* To do *
Between the line containing "9523725.262), (525399.312, 9523719.279))" and the line containing "9523844.829), (525370.042, 9523852.892))" lies a run of lines; give that run again exactly, with both of those lines, and nothing else from the entries below.

* Data to use *
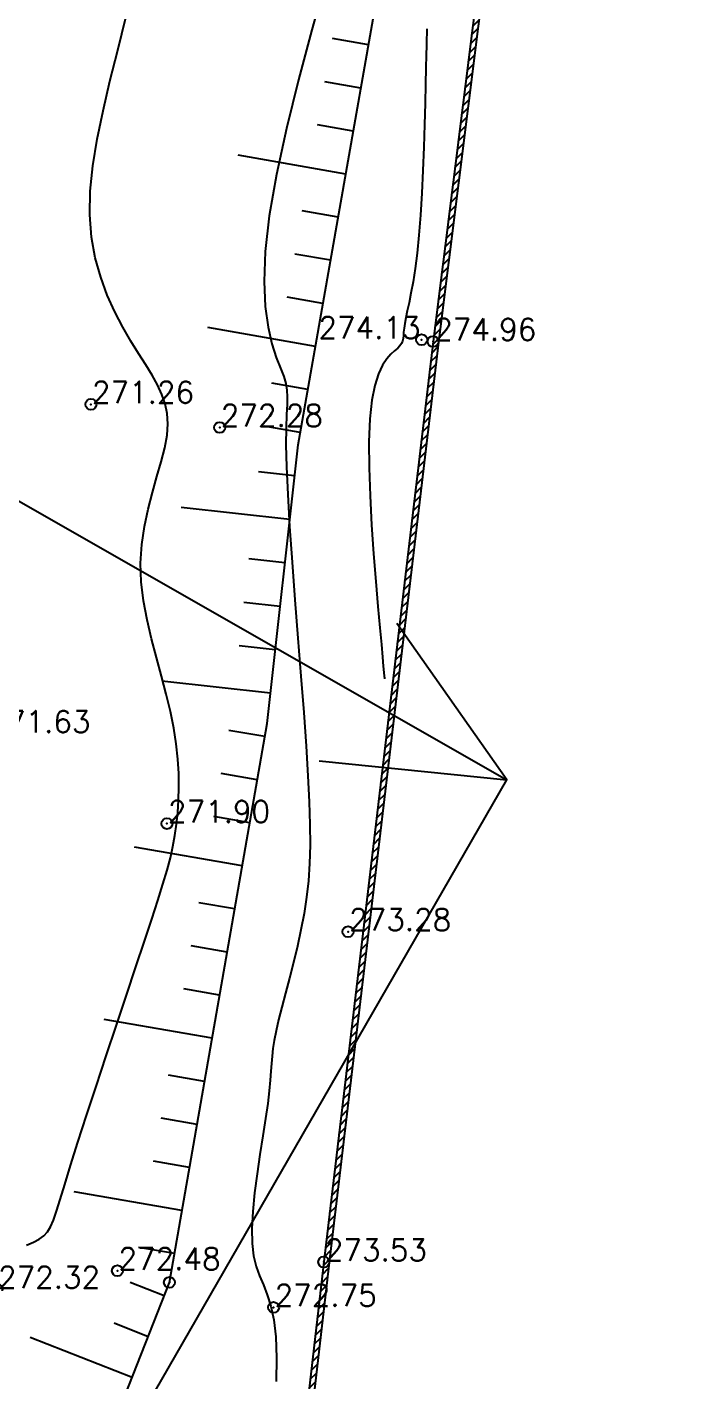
# Model space of a CAD drawing. Header units: millimetres. Extents: x 524954 to 526204, y 9523489 to 9524010.
# Drawn here: x 525434.2 to 525464.2, y 9523741.4 to 9523803.4 of the extents above; entities that cross this region are included whole.
import ezdxf
from ezdxf.enums import TextEntityAlignment as Align

# ---------------------------------------------------------------- set-up
doc = ezdxf.new("R2010")
doc.units = ezdxf.units.MM
doc.header["$PDMODE"] = 32
doc.header["$PDSIZE"] = 0.5
doc.linetypes.add('ACAD_ISO12W100', pattern=[21, 12, -3, 0, -3, 0, -3])
for name, color, linetype in [('Bord Fleuve', 4, 'ACAD_ISO12W100'), ('Cloture', 7, 'Continuous'), ('CN_01_00', 3, 'Continuous'), ('CN_02_00', 4, 'Continuous'), ('Haut_Talus', 30, 'Continuous'), ('Murs', 1, 'Continuous'), ('PLUME_2', 1, 'Continuous'), ('Talus', 2, 'Continuous'), ('TopoAlt', 3, 'Continuous'), ('TOPOJIS', 7, 'Continuous')]:
    doc.layers.add(name, color=color, linetype=linetype)
doc.styles.add('Simplex 1.0', font='Simplex.shx', dxfattribs={"width": 0.99, "height": 1})

# ---------------------------------------------------------------- blocks, each defined once
blk = doc.blocks.new('TCPOINT M')
at = {"color": 0}
blk.add_point((0, 0), dxfattribs=at)
at = {"layer": 'TopoAlt', "style": 'Simplex 1.0', "width": 0.99}
blk.add_attdef('ALT', (0.15, 0.15), '', height=1, dxfattribs=at)

msp = doc.modelspace()

# ---------------------------------------------------------------- hatches: boundary and pattern name
at = {"layer": 'Bord Fleuve', "ltscale": 0.5}
h = msp.add_hatch(dxfattribs=at)
h.set_pattern_fill('ANSI33', color=135, scale=2, angle=15, style=0)
edge = h.paths.add_edge_path()
edge.add_line((525439.351, 9523820.38), (525429.428, 9523796.02))
edge.add_line((525429.428, 9523796.02), (525428.884, 9523788.101))
edge.add_line((525428.884, 9523788.101), (525428.353, 9523783.613))
edge.add_line((525428.353, 9523783.613), (525432.345, 9523771.044))
edge.add_line((525432.345, 9523771.044), (525425.155, 9523761.396))
edge.add_line((525425.155, 9523761.396), (525425.603, 9523757.857))
edge.add_line((525425.603, 9523757.857), (525425.392, 9523752.767))
edge.add_line((525425.392, 9523752.767), (525425.531, 9523737.269))
edge.add_line((525425.531, 9523737.269), (525420.173, 9523734.242))
edge.add_line((525420.173, 9523734.242), (525409.231, 9523730.837))
edge.add_line((525409.231, 9523730.837), (525403.15, 9523725.262))
edge.add_line((525403.15, 9523725.262), (525399.312, 9523719.279))
edge.add_line((525399.312, 9523719.279), (525398.471, 9523717.204))
edge.add_line((525398.471, 9523717.204), (525387.323, 9523716.767))
edge.add_line((525387.323, 9523716.767), (525379.743, 9523715.417))
edge.add_line((525439.351, 9523820.38), (525412.029, 9523831.392))
edge.add_line((525412.029, 9523831.392), (525397.674, 9523844.829))
edge.add_line((525397.674, 9523844.829), (525370.042, 9523852.892))
edge.add_line((525370.042, 9523852.892), (525354.138, 9523871.224))
edge.add_line((525335.046, 9523740.934), (525335.464, 9523745.788))
edge.add_line((525335.464, 9523745.788), (525334.824, 9523749.483))
edge.add_line((525334.824, 9523749.483), (525332.978, 9523755.879))
edge.add_line((525332.978, 9523755.879), (525332.09, 9523761.937))
edge.add_line((525332.09, 9523761.937), (525333.482, 9523768.659))
edge.add_line((525333.482, 9523768.659), (525335.755, 9523783.426))
edge.add_line((525335.755, 9523783.426), (525345.567, 9523814.167))
edge.add_line((525345.567, 9523814.167), (525355.202, 9523841.723))
edge.add_line((525355.202, 9523841.723), (525358.159, 9523858.254))
edge.add_line((525358.159, 9523858.254), (525357.891, 9523860.435))
edge.add_line((525357.891, 9523860.435), (525354.138, 9523871.224))
edge.add_line((525335.072, 9523740.932), (525368.644, 9523722.072))
edge.add_line((525368.644, 9523722.072), (525369.749, 9523720.981))
edge.add_line((525369.749, 9523720.981), (525379.743, 9523715.417))
at = {"layer": 'Murs'}
h = msp.add_hatch(dxfattribs=at)
h.set_pattern_fill('_U', color=256, scale=0.25, angle=45, style=0, pattern_type=0)
h.set_pattern_definition([(45, (0, 0), (-0.1767766952966, 0.1767766952966), [])])
h.paths.add_polyline_path([(525522.555, 9523687.796), (525522.639, 9523687.56), (525524.417, 9523688.127), (525534.444, 9523697.48), (525538.88, 9523701.582), (525556.931, 9523721.969), (525565.292, 9523745.035), (525568.286, 9523770.89), (525545.427, 9523933.532), (525528.838, 9523924.181), (525528.961, 9523923.963), (525545.231, 9523933.134), (525568.034, 9523770.886), (525565.047, 9523745.093), (525556.712, 9523722.099), (525538.701, 9523701.757), (525534.274, 9523697.663), (525524.287, 9523688.348)])
edge = h.paths.add_edge_path()
edge.add_arc((525513.309, 9523684.532), 4.988, 18.27959, 21.15321)
edge.add_line((525517.961, 9523686.332), (525517.818, 9523686.286))
edge.add_arc((525522.648, 9523687.534), 4.988, 194.48489, 197.35804)
edge.add_line((525517.887, 9523686.046), (525518.045, 9523686.096))
h.paths.add_polyline_path([(525458.446, 9523694.792), (525458.399, 9523694.546), (525477.143, 9523690.173), (525481.933, 9523689.115), (525509.622, 9523683.346), (525511.515, 9523684.015), (525513.294, 9523684.582), (525513.225, 9523684.822), (525511.436, 9523684.252), (525509.605, 9523683.605), (525481.985, 9523689.36), (525477.198, 9523690.416), (525458.455, 9523694.789)])
h.paths.add_polyline_path([(525447.773, 9523696.954), (525447.834, 9523697.197), (525447.731, 9523697.22), (525442.338, 9523698.118), (525447.975, 9523746.854), (525452.972, 9523788.945), (525457.062, 9523821.504), (525456.814, 9523821.536), (525452.724, 9523788.976), (525447.727, 9523746.883), (525442.062, 9523697.91), (525447.683, 9523696.975)])

# ---------------------------------------------------------------- linework, layer by layer
at = {"layer": 'Cloture', "flags": 128}
for points in [[(525456.814, 9523821.536), (525452.724, 9523788.976), (525447.727, 9523746.883), (525442.062, 9523697.91), (525447.683, 9523696.975), (525447.773, 9523696.954)], [(525457.062, 9523821.504), (525452.972, 9523788.945), (525447.975, 9523746.854), (525442.338, 9523698.118), (525447.731, 9523697.22), (525447.834, 9523697.197)]]:
    msp.add_lwpolyline(points, dxfattribs=at)
at = {"layer": 'CN_01_00', "elevation": 273, "flags": 128}
msp.add_lwpolyline([(525447.811, 9523805.479), (525447.176, 9523803.225), (525446.568, 9523800.946), (525446.018, 9523798.717), (525445.562, 9523796.615), (525445.231, 9523794.72), (525445.048, 9523793.089), (525444.997, 9523791.714), (525445.049, 9523790.569), (525445.177, 9523789.628), (525445.354, 9523788.864), (525445.551, 9523788.25), (525445.741, 9523787.761), (525445.895, 9523787.371), (525445.995, 9523787.049), (525446.044, 9523786.757), (525446.057, 9523786.451), (525446.046, 9523786.09), (525446.024, 9523785.631), (525446.003, 9523785.031), (525445.997, 9523784.248), (525446.019, 9523783.24), (525446.077, 9523781.98), (525446.167, 9523780.51), (525446.281, 9523778.886), (525446.41, 9523777.167), (525446.547, 9523775.408), (525446.683, 9523773.669), (525446.809, 9523772.005), (525446.918, 9523770.475), (525447.003, 9523769.122), (525447.062, 9523767.933), (525447.094, 9523766.884), (525447.098, 9523765.949), (525447.074, 9523765.101), (525447.021, 9523764.315), (525446.938, 9523763.565), (525446.826, 9523762.826), (525446.684, 9523762.077), (525446.52, 9523761.326), (525446.342, 9523760.585), (525446.158, 9523759.865), (525445.978, 9523759.179), (525445.81, 9523758.54), (525445.662, 9523757.96), (525445.543, 9523757.45), (525445.458, 9523757.018), (525445.401, 9523756.644), (525445.364, 9523756.301), (525445.338, 9523755.962), (525445.314, 9523755.603), (525445.282, 9523755.197), (525445.235, 9523754.717), (525445.163, 9523754.138), (525445.061, 9523753.442), (525444.938, 9523752.653), (525444.806, 9523751.802), (525444.677, 9523750.921), (525444.565, 9523750.041), (525444.48, 9523749.195), (525444.437, 9523748.413), (525444.447, 9523747.729), (525444.517, 9523747.161), (525444.637, 9523746.683), (525444.792, 9523746.253), (525444.965, 9523745.834), (525445.141, 9523745.384), (525445.304, 9523744.864), (525445.439, 9523744.235), (525445.53, 9523743.457), (525445.566, 9523742.504), (525445.552, 9523741.412)], dxfattribs=at)
at = {"layer": 'CN_02_00', "flags": 128}
for points, elevation in [([(525434.137, 9523747.646), (525434.452, 9523747.79), (525434.717, 9523747.934), (525434.927, 9523748.083), (525435.094, 9523748.26), (525435.237, 9523748.488), (525435.37, 9523748.794), (525435.512, 9523749.202), (525435.678, 9523749.74), (525435.887, 9523750.43), (525436.153, 9523751.3), (525436.489, 9523752.362), (525436.884, 9523753.582), (525437.319, 9523754.911), (525437.78, 9523756.303), (525438.248, 9523757.71), (525438.706, 9523759.085), (525439.139, 9523760.381), (525439.529, 9523761.551), (525439.863, 9523762.559), (525440.142, 9523763.419), (525440.374, 9523764.156), (525440.562, 9523764.796), (525440.713, 9523765.365), (525440.832, 9523765.888), (525440.925, 9523766.39), (525440.997, 9523766.897), (525441.053, 9523767.431), (525441.09, 9523767.995), (525441.106, 9523768.591), (525441.095, 9523769.22), (525441.054, 9523769.88), (525440.981, 9523770.573), (525440.87, 9523771.3), (525440.719, 9523772.061), (525440.527, 9523772.854), (525440.307, 9523773.676), (525440.077, 9523774.52), (525439.853, 9523775.379), (525439.651, 9523776.247), (525439.49, 9523777.119), (525439.384, 9523777.987), (525439.352, 9523778.846), (525439.404, 9523779.69), (525439.525, 9523780.512), (525439.695, 9523781.308), (525439.894, 9523782.071), (525440.101, 9523782.796), (525440.295, 9523783.478), (525440.456, 9523784.11), (525440.564, 9523784.688), (525440.603, 9523785.209), (525440.573, 9523785.684), (525440.48, 9523786.129), (525440.329, 9523786.558), (525440.126, 9523786.987), (525439.877, 9523787.431), (525439.586, 9523787.904), (525439.259, 9523788.422), (525438.904, 9523788.996), (525438.536, 9523789.632), (525438.173, 9523790.329), (525437.831, 9523791.088), (525437.529, 9523791.911), (525437.283, 9523792.798), (525437.111, 9523793.751), (525437.031, 9523794.771), (525437.055, 9523795.857), (525437.173, 9523797.011), (525437.372, 9523798.233), (525437.637, 9523799.521), (525437.953, 9523800.877), (525438.307, 9523802.3), (525438.685, 9523803.791)], 272), ([(525452.437, 9523803.267), (525452.437, 9523803.263), (525452.437, 9523803.239), (525452.435, 9523803.173), (525452.432, 9523803.044), (525452.428, 9523802.832), (525452.42, 9523802.516), (525452.411, 9523802.074), (525452.397, 9523801.487), (525452.38, 9523800.742), (525452.359, 9523799.866), (525452.331, 9523798.893), (525452.297, 9523797.86), (525452.255, 9523796.802), (525452.204, 9523795.754), (525452.143, 9523794.752), (525452.072, 9523793.831), (525451.989, 9523793.018), (525451.899, 9523792.313), (525451.806, 9523791.705), (525451.713, 9523791.186), (525451.624, 9523790.745), (525451.544, 9523790.374), (525451.477, 9523790.063), (525451.427, 9523789.802), (525451.396, 9523789.583), (525451.378, 9523789.4), (525451.365, 9523789.244), (525451.35, 9523789.111), (525451.324, 9523788.993), (525451.28, 9523788.885), (525451.21, 9523788.78), (525451.107, 9523788.672), (525450.964, 9523788.551), (525450.793, 9523788.396), (525450.604, 9523788.184), (525450.41, 9523787.891), (525450.223, 9523787.493), (525450.056, 9523786.967), (525449.92, 9523786.288), (525449.829, 9523785.432), (525449.789, 9523784.39), (525449.797, 9523783.199), (525449.841, 9523781.913), (525449.914, 9523780.585), (525450.004, 9523779.265), (525450.103, 9523778.008), (525450.201, 9523776.865), (525450.289, 9523775.888), (525450.359, 9523775.117), (525450.412, 9523774.538), (525450.449, 9523774.123), (525450.475, 9523773.844), (525450.49, 9523773.676), (525450.498, 9523773.589), (525450.501, 9523773.557), (525450.501, 9523773.553)], 274)]:
    msp.add_lwpolyline(points, dxfattribs=dict(at, elevation=elevation))
at = {"layer": 'Haut_Talus', "flags": 128}
msp.add_lwpolyline([(525402.363, 9523704.492), (525406.744, 9523707.599), (525417.711, 9523711.28), (525424.521, 9523713.389), (525425.042, 9523714.005), (525425.756, 9523715.992), (525428.824, 9523719.785), (525433.499, 9523727.701), (525440.67, 9523745.949), (525445.134, 9523771.508), (525446.552, 9523784.246), (525452.178, 9523816.218)], dxfattribs=at)
at = {"layer": 'PLUME_2'}
for points in [[(525310.661, 9523852.06), (525456.099, 9523768.927)], [(525447.513, 9523769.804), (525456.099, 9523768.927), (525451.065, 9523776.079)], [(525396.484, 9523665.312), (525456.099, 9523768.927)]]:
    msp.add_lwpolyline(points, dxfattribs=at)
at = {"layer": 'Talus'}
for p, q in [((525449.77, 9523802.537), (525448.129, 9523802.826)), ((525449.424, 9523800.567), (525447.782, 9523800.856)), ((525449.077, 9523798.598), (525447.436, 9523798.886)), ((525448.73, 9523796.628), (525443.806, 9523797.494)), ((525448.384, 9523794.658), (525446.742, 9523794.947)), ((525448.037, 9523792.688), (525446.396, 9523792.977)), ((525447.691, 9523790.719), (525446.049, 9523791.007)), ((525447.344, 9523788.749), (525442.42, 9523789.615)), ((525446.997, 9523786.779), (525445.356, 9523787.068)), ((525446.651, 9523784.809), (525445.009, 9523785.098)), ((525446.394, 9523782.827), (525444.737, 9523783.011)), ((525446.172, 9523780.839), (525441.203, 9523781.392)), ((525445.951, 9523778.851), (525444.295, 9523779.036)), ((525445.73, 9523776.864), (525444.074, 9523777.048)), ((525445.509, 9523774.876), (525443.852, 9523775.06)), ((525445.288, 9523772.888), (525440.318, 9523773.441)), ((525445.029, 9523770.906), (525443.387, 9523771.193)), ((525444.685, 9523768.936), (525443.043, 9523769.222)), ((525444.341, 9523766.965), (525442.699, 9523767.252)), ((525443.996, 9523764.995), (525439.071, 9523765.855)), ((525443.652, 9523763.025), (525442.011, 9523763.312)), ((525443.308, 9523761.055), (525441.667, 9523761.342)), ((525442.964, 9523759.085), (525441.322, 9523759.371)), ((525442.62, 9523757.115), (525437.695, 9523757.975)), ((525442.276, 9523755.144), (525440.634, 9523755.431)), ((525441.932, 9523753.174), (525440.29, 9523753.461)), ((525441.588, 9523751.204), (525439.946, 9523751.491)), ((525441.244, 9523749.234), (525436.318, 9523750.094)), ((525440.9, 9523747.264), (525439.258, 9523747.55)), ((525440.427, 9523745.33), (525438.876, 9523745.939)), ((525439.695, 9523743.468), (525438.144, 9523744.078)), ((525438.964, 9523741.607), (525434.31, 9523743.436))]:
    msp.add_line(p, q, dxfattribs=at)

# ---------------------------------------------------------------- block references
at = {"layer": 'TOPOJIS'}
ref = msp.add_blockref('TCPOINT M', (525452.2, 9523789.058, 274.13), dxfattribs=at)
ref.add_attrib('ALT', '274.13', dxfattribs={"layer": 'TopoAlt', "height": 1, "style": 'Simplex 1.0', "width": 0.99}).set_placement((525452.15, 9523789.108, 274.13), align=Align.RIGHT)
ref = msp.add_blockref('TCPOINT M', (525452.724, 9523788.976, 274.96), dxfattribs=at)
ref.add_attrib('ALT', '274.96', (525452.774, 9523789.026, 274.96), dxfattribs={"layer": 'TopoAlt', "height": 1, "style": 'Simplex 1.0', "width": 0.99})
ref = msp.add_blockref('TCPOINT M', (525437.081, 9523786.102, 271.26), dxfattribs=at)
ref.add_attrib('ALT', '271.26', (525437.131, 9523786.152, 271.26), dxfattribs={"layer": 'TopoAlt', "height": 1, "style": 'Simplex 1.0', "width": 0.99})
ref = msp.add_blockref('TCPOINT M', (525442.969, 9523785.042, 272.28), dxfattribs=at)
ref.add_attrib('ALT', '272.28', (525443.019, 9523785.092, 272.28), dxfattribs={"layer": 'TopoAlt', "height": 1, "style": 'Simplex 1.0', "width": 0.99})
ref = msp.add_blockref('TCPOINT M', (525432.345, 9523771.044, 271.63), dxfattribs=at)
ref.add_attrib('ALT', '271.63', (525432.395, 9523771.094, 271.63), dxfattribs={"layer": 'TopoAlt', "height": 1, "style": 'Simplex 1.0', "width": 0.99})
ref = msp.add_blockref('TCPOINT M', (525440.556, 9523766.929, 271.9), dxfattribs=at)
ref.add_attrib('ALT', '271.90', (525440.606, 9523766.979, 271.9), dxfattribs={"layer": 'TopoAlt', "height": 1, "style": 'Simplex 1.0', "width": 0.99})
ref = msp.add_blockref('TCPOINT M', (525448.834, 9523761.985, 273.28), dxfattribs=at)
ref.add_attrib('ALT', '273.28', (525448.884, 9523762.035, 273.28), dxfattribs={"layer": 'TopoAlt', "height": 1, "style": 'Simplex 1.0', "width": 0.99})
ref = msp.add_blockref('TCPOINT M', (525438.295, 9523746.482, 272.48), dxfattribs=at)
ref.add_attrib('ALT', '272.48', (525438.345, 9523746.532, 272.48), dxfattribs={"layer": 'TopoAlt', "height": 1, "style": 'Simplex 1.0', "width": 0.99})
ref = msp.add_blockref('TCPOINT M', (525447.727, 9523746.883, 273.53), dxfattribs=at)
ref.add_attrib('ALT', '273.53', (525447.777, 9523746.933, 273.53), dxfattribs={"layer": 'TopoAlt', "height": 1, "style": 'Simplex 1.0', "width": 0.99})
ref = msp.add_blockref('TCPOINT M', (525432.786, 9523745.634, 272.32), dxfattribs=at)
ref.add_attrib('ALT', '272.32', (525432.836, 9523745.684, 272.32), dxfattribs={"layer": 'TopoAlt', "height": 1, "style": 'Simplex 1.0', "width": 0.99})
msp.add_blockref('TCPOINT M', (525440.67, 9523745.949, 272.59), dxfattribs=at)
ref = msp.add_blockref('TCPOINT M', (525445.43, 9523744.806, 272.75), dxfattribs=at)
ref.add_attrib('ALT', '272.75', (525445.48, 9523744.856, 272.75), dxfattribs={"layer": 'TopoAlt', "height": 1, "style": 'Simplex 1.0', "width": 0.99})

doc.saveas('drawing.dxf')

* Answer box *
edge.add_line((525403.15, 9523725.262), (525399.312, 9523719.279))
edge.add_line((525399.312, 9523719.279), (525398.471, 9523717.204))
edge.add_line((525398.471, 9523717.204), (525387.323, 9523716.767))
edge.add_line((525387.323, 9523716.767), (525379.743, 9523715.417))
edge.add_line((525439.351, 9523820.38), (525412.029, 9523831.392))
edge.add_line((525412.029, 9523831.392), (525397.674, 9523844.829))
edge.add_line((525397.674, 9523844.829), (525370.042, 9523852.892))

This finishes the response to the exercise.